Dharshana Gamage

Personal information
- Full name: Hewawasam Gamage Dharshana Nayanakantha
- Born: 2 March 1979 (age 47) Colombo, Sri Lanka
- Height: 6 ft 1 in (185 cm)
- Batting: Right-handed
- Bowling: Right-arm fast-medium
- Role: Bowler

International information
- National side: Sri Lanka (2003);
- ODI debut (cap 116): 13 May 2003 v New Zealand
- Last ODI: 11 June 2003 v West Indies

Career statistics
| Competition | ODI | FC | LA | T20 |
| Matches | 3 | 101 | 73 | 10 |
| Runs scored | 3 | 660 | 153 | 49 |
| Batting average | 3.00 | 7.50 | 5.66 | 16.33 |
| 100s/50s | 0/0 | 0/0 | 0/0 | 0/0 |
| Top score | 2* | 40 | 28 | 17* |
| Balls bowled | 95 | 11,216 | 2894 | 193 |
| Wickets | 2 | 249 | 91 | 8 |
| Bowling average | 41.50 | 26.46 | 23.71 | 28.12 |
| 5 wickets in innings | 0 | 6 | 0 | 0 |
| 10 wickets in match | 0 | 0 | 0 | 0 |
| Best bowling | 1/26 | 5/37 | 4/14 | 2/16 |
| Catches/stumpings | 2/– | 27/– | 17/– | 1/– |
- Source: Cricinfo, 9 July 2021

= Dharshana Gamage =

Sri Lankan cricketer (born 1979)

Hewawasam Gamage Dharshana Nayanakantha (born 2 March 1979), either spelt as Dharshana Nayanakantha or Dharshana Gamage, is a former Sri Lankan cricketer. He is a right-handed batsman and a right-arm medium-fast bowler. He studied at the Prince of Wales' College, Moratuwa. He is currently serving as the assistant coach of Sri Lanka Emerging cricket team.

== Career ==
He made his first-class debut playing for Sinhalese Sports Club in the 1998/99 Premier Trophy. He also played for Worcestershire as an overseas player in county cricket in England.

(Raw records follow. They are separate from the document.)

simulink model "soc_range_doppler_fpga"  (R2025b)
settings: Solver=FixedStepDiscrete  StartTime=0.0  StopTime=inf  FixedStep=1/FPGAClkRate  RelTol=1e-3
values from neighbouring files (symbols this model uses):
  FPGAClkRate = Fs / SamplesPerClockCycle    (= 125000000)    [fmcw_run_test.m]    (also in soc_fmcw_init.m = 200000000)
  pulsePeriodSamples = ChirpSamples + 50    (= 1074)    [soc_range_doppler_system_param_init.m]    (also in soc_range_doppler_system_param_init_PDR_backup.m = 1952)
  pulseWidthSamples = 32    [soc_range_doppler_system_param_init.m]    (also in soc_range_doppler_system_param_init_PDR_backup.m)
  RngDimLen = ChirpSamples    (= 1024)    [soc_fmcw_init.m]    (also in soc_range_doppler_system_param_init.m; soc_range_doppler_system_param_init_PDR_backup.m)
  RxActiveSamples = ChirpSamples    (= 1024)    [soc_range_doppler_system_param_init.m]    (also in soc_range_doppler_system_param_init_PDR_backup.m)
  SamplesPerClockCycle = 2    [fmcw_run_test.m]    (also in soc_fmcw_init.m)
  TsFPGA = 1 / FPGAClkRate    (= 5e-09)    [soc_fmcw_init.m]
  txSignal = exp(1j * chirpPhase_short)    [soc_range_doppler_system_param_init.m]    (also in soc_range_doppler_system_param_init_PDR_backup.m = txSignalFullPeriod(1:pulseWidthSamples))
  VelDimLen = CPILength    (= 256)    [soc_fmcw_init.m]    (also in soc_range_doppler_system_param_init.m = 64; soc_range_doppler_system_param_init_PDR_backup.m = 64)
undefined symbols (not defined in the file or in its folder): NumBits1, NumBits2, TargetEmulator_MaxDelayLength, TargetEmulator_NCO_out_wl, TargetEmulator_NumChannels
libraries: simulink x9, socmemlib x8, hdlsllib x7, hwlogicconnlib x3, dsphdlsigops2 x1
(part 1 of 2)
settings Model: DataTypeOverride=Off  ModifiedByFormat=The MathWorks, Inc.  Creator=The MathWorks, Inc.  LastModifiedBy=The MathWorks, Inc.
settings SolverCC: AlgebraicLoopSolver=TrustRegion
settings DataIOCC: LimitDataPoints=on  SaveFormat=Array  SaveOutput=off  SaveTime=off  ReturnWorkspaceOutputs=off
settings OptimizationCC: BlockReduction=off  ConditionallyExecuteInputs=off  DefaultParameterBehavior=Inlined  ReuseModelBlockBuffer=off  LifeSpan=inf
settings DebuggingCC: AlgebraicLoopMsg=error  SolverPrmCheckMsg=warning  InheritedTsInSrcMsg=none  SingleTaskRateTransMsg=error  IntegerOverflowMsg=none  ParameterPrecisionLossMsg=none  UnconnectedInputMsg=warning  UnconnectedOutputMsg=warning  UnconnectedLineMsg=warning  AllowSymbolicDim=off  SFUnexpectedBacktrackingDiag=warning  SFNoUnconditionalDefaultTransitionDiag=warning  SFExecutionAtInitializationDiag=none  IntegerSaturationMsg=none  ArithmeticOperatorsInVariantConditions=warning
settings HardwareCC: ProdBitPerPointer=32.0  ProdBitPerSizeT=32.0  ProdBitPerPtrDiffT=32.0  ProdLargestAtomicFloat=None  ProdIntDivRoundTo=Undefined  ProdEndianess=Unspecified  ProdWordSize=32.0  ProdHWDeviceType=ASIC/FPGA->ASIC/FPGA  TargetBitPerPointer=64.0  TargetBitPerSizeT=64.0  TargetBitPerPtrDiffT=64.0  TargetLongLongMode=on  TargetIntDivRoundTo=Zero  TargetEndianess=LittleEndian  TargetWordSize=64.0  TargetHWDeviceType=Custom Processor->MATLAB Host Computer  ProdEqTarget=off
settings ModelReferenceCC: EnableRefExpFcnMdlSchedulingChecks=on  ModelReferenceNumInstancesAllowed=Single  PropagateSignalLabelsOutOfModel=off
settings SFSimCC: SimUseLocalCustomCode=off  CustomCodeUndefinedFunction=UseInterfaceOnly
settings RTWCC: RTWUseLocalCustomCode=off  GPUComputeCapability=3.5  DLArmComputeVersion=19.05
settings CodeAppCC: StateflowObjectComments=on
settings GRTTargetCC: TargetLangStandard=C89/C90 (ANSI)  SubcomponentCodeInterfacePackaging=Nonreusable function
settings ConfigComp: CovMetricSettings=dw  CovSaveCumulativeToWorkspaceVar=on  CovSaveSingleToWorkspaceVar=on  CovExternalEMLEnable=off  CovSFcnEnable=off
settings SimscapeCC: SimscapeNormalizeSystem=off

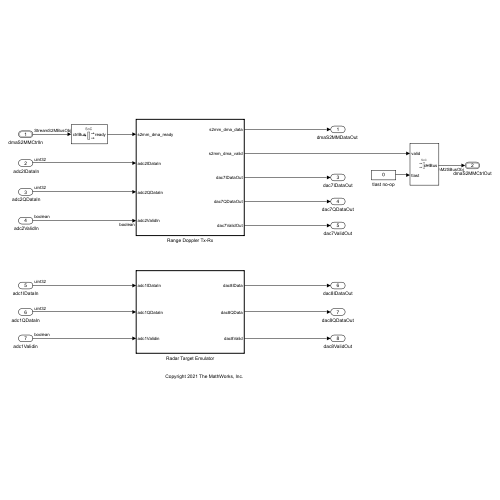
[thumbnail: Simulink's stored preview of the top-level diagram]
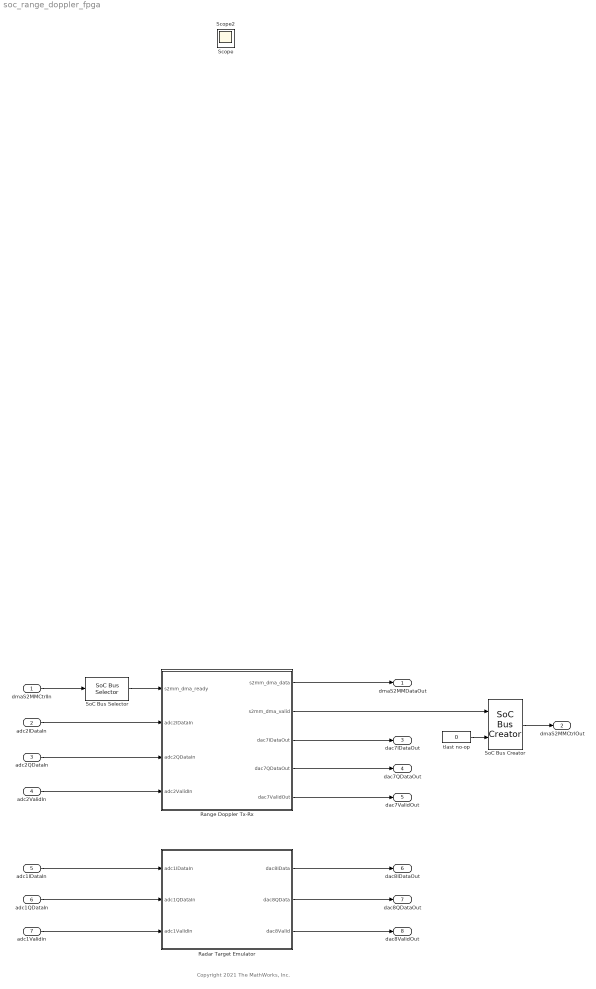
== system soc_range_doppler_fpga ==
  note: Copyright 2021 The MathWorks, Inc.
  dmaS2MMCtrlIn : Inport  OutDataTypeStr=Bus: StreamS2MBusObj  BusOutputAsStruct=on
  " adc2IDataIn" : Inport  Port=2  OutDataTypeStr=uint32  SampleTime=1/FPGAClkRate
  " adc2QDataIn" : Inport  Port=3  OutDataTypeStr=uint32  SampleTime=1/FPGAClkRate
  " adc2ValidIn" : Inport  Port=4  OutDataTypeStr=boolean  SampleTime=1/FPGAClkRate
  adc1IDataIn : Inport  Port=5  OutDataTypeStr=uint32
  adc1QDataIn : Inport  Port=6  OutDataTypeStr=uint32
  adc1Validin : Inport  Port=7  OutDataTypeStr=boolean
  Radar Target Emulator : Subsystem  TreatAsAtomicUnit=on
  Range Doppler Tx-Rx : Subsystem  TreatAsAtomicUnit=on
  SoC Bus Creator : hwlogicconnlib/SoC Bus Creator  Protocol=Data stream  ctrltype=Valid
  SoC Bus Selector : hwlogicconnlib/SoC Bus Selector  Protocol=Data stream  ctrltype=Ready
  tlast no-op : Constant  Value=0  OutDataTypeStr=boolean  SampleTime=-1
  "dmaS2MMDataOut " : Outport
  dmaS2MMCtrlOut : Outport  Port=2  OutDataTypeStr=Bus: StreamM2SBusObj  BusOutputAsStruct=on
  dac7IDataOut : Outport  Port=3
  dac7QDataOut : Outport  Port=4
  dac7ValidOut : Outport  Port=5
  dac8IDataOut : Outport  Port=6
  dac8QDataOut : Outport  Port=7
  dac8ValidOut : Outport  Port=8
  Scope : Scope
      settings: TimeSpan=1e-8*10  TimeUnits=Metric (based on Time Span)  ActiveDisplayYMinimum=-0.125  ActiveDisplayYMaximum=1.125
  Scope2 : Scope
      settings: ActiveDisplayYMinimum=-0.125  ActiveDisplayYMaximum=1.125
  wires:
  SoC Bus Creator/1 -> dmaS2MMCtrlOut/1
  tlast no-op/1 -> SoC Bus Creator/2
  Range Doppler Tx-Rx/2(s2mm_dma_valid) -> SoC Bus Creator/1
  SoC Bus Selector/1 -> Range Doppler Tx-Rx/1(s2mm_dma_ready)
  dmaS2MMCtrlIn/1 -> SoC Bus Selector/1
  Range Doppler Tx-Rx/1(s2mm_dma_data) -> "dmaS2MMDataOut "/1
  " adc2ValidIn"/1 -> Range Doppler Tx-Rx/4(adc2ValidIn)
  " adc2QDataIn"/1 -> Range Doppler Tx-Rx/3(adc2QDataIn)
  " adc2IDataIn"/1 -> Range Doppler Tx-Rx/2(adc2IDataIn)
  Radar Target Emulator/2(dac8QData) -> dac8QDataOut/1
  adc1IDataIn/1 -> Radar Target Emulator/1(adc1IDataIn)
  Radar Target Emulator/1(dac8IData) -> dac8IDataOut/1
  adc1Validin/1 -> Radar Target Emulator/3(adc1Validin)
  Radar Target Emulator/3(dac8Valid) -> dac8ValidOut/1
  adc1QDataIn/1 -> Radar Target Emulator/2(adc1QDataIn)
  Range Doppler Tx-Rx/3(dac7IDataOut) -> dac7IDataOut/1
  Range Doppler Tx-Rx/4(dac7QDataOut) -> dac7QDataOut/1
  Range Doppler Tx-Rx/5(dac7ValidOut) -> dac7ValidOut/1

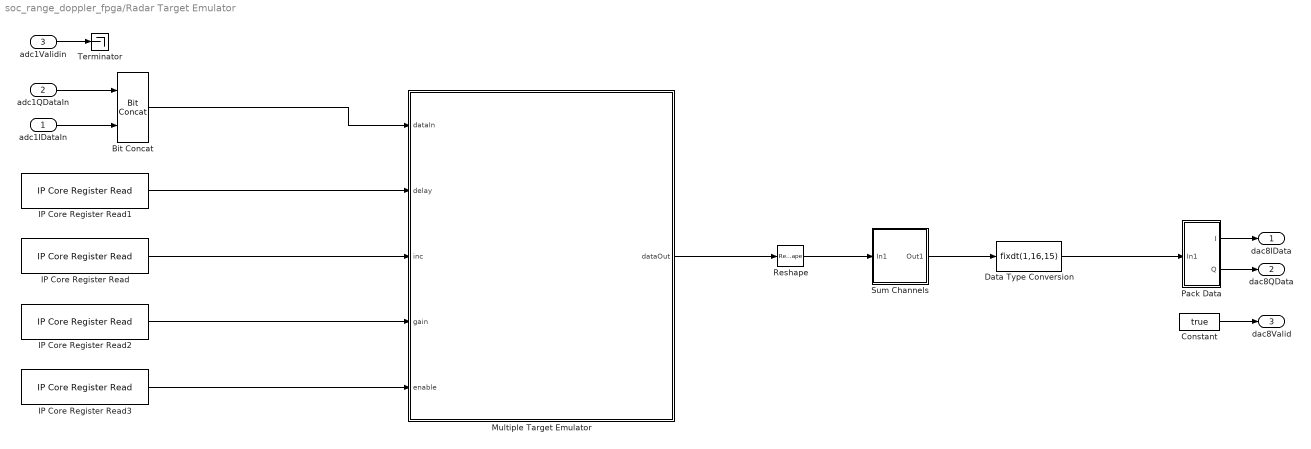
== system soc_range_doppler_fpga/Radar Target Emulator ==
  adc1IDataIn : Inport
  adc1QDataIn : Inport  Port=2
  adc1Validin : Inport  Port=3
  Bit Concat : hdlsllib/Logic and Bit Operations/Bit Concat  numInputs=2
  Constant : Constant  Value=true  SampleTime=-1
  Data Type Conversion : DataTypeConversion  OutDataTypeStr=fixdt(1,16,15)  SaturateOnIntegerOverflow=off  RndMeth=Floor
  IP Core Register Read : socmemlib/IP Core Register Read  RegisterName=Target_Emulator_Doppler_Inc  OutDataTypeStr=int32  OutputVectorSize=4  SampleTime=TsFPGA
  IP Core Register Read1 : socmemlib/IP Core Register Read  RegisterName=Target_Emulator_Range_Delay  OutDataTypeStr=uint32  OutputVectorSize=4  SampleTime=TsFPGA
  IP Core Register Read2 : socmemlib/IP Core Register Read  RegisterName=Target_Emulator_Gain  OutDataTypeStr=fixdt(1,18,17)  OutputVectorSize=4  SampleTime=TsFPGA
  IP Core Register Read3 : socmemlib/IP Core Register Read  RegisterName=Target_Emulator_Channel_Enable  OutDataTypeStr=boolean  OutputVectorSize=4  SampleTime=TsFPGA
  Multiple Target Emulator : Subsystem
  Pack Data : Subsystem
  Reshape : Reshape  OutputDimensionality=Customize  OutputDimensions=[SamplesPerClockCycle,TargetEmulator_NumChannels]
  Sum Channels : Subsystem
  Terminator : Terminator
  dac8IData : Outport
  dac8QData : Outport  Port=2
  dac8Valid : Outport  Port=3
  wires:
  adc1Validin/1 -> Terminator/1
  Constant/1 -> dac8Valid/1
  adc1IDataIn/1 -> Bit Concat/2
  adc1QDataIn/1 -> Bit Concat/1
  Pack Data/1(I) -> dac8IData/1
  Pack Data/2(Q) -> dac8QData/1
  Bit Concat/1 -> Multiple Target Emulator/1(dataIn)
  IP Core Register Read1/1 -> Multiple Target Emulator/2(delay)
  IP Core Register Read/1 -> Multiple Target Emulator/3(inc)
  IP Core Register Read2/1 -> Multiple Target Emulator/4(gain)
  Multiple Target Emulator/1(dataOut) -> Reshape/1
  Data Type Conversion/1 -> Pack Data/1(In1)
  IP Core Register Read3/1 -> Multiple Target Emulator/5(enable)
  Reshape/1 -> Sum Channels/1(In1)
  Sum Channels/1(Out1) -> Data Type Conversion/1

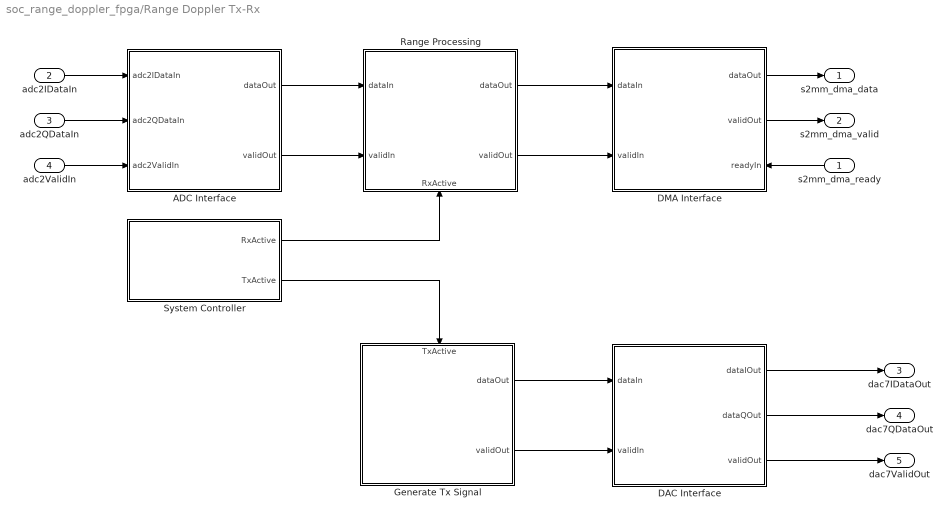
== system soc_range_doppler_fpga/Range Doppler Tx-Rx ==
  s2mm_dma_ready : Inport
  adc2IDataIn : Inport  Port=2  SampleTime=1/FPGAClkRate
  adc2QDataIn : Inport  Port=3  SampleTime=1/FPGAClkRate
  adc2ValidIn : Inport  Port=4  OutDataTypeStr=boolean  SampleTime=1/FPGAClkRate
  ADC Interface : Subsystem
  DAC Interface : Subsystem
  DMA Interface : Subsystem
      settings: PortSchema="{\"entries\":[{\"content\":{\"sides\":[{\"content\":{\"connectorIds\":[\"In1\",\"In2\"]},\"type\":\"ConnectorPlacement.EquallySpacedRectSide\",\"uuid\":\"5e6ee6ef-653d-4c22-91ec-0e4d08fe2bda\"},{\"content\":{\"connectorIds\":[\"Out1\",\"Out2\",\"In3\"],\"side\":\"RIGHT\"},\"type\":\"ConnectorPlacement.EquallySpacedRectSide\",\"uuid\":\"cc17ec3f-1a41-4b37-b05d-9322698b0460\"},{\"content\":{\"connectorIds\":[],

In April 2003, Dharshana received his maiden callup to the national team as he was surprisingly included in the squad as an injury replacement for Chaminda Vaas who was ruled out from the remainder of the Cherry Blossom Sharjah Cup 2003. However, he did not play in any of the matches. He made his ODI debut against New Zealand on 13 May 2003 at Dambulla during the 2003 Bank Alfalah Cup.

He made his Twenty20 debut on 17 August 2004, for Bloomfield Cricket and Athletic Club in the 2004 SLC Twenty20 Tournament.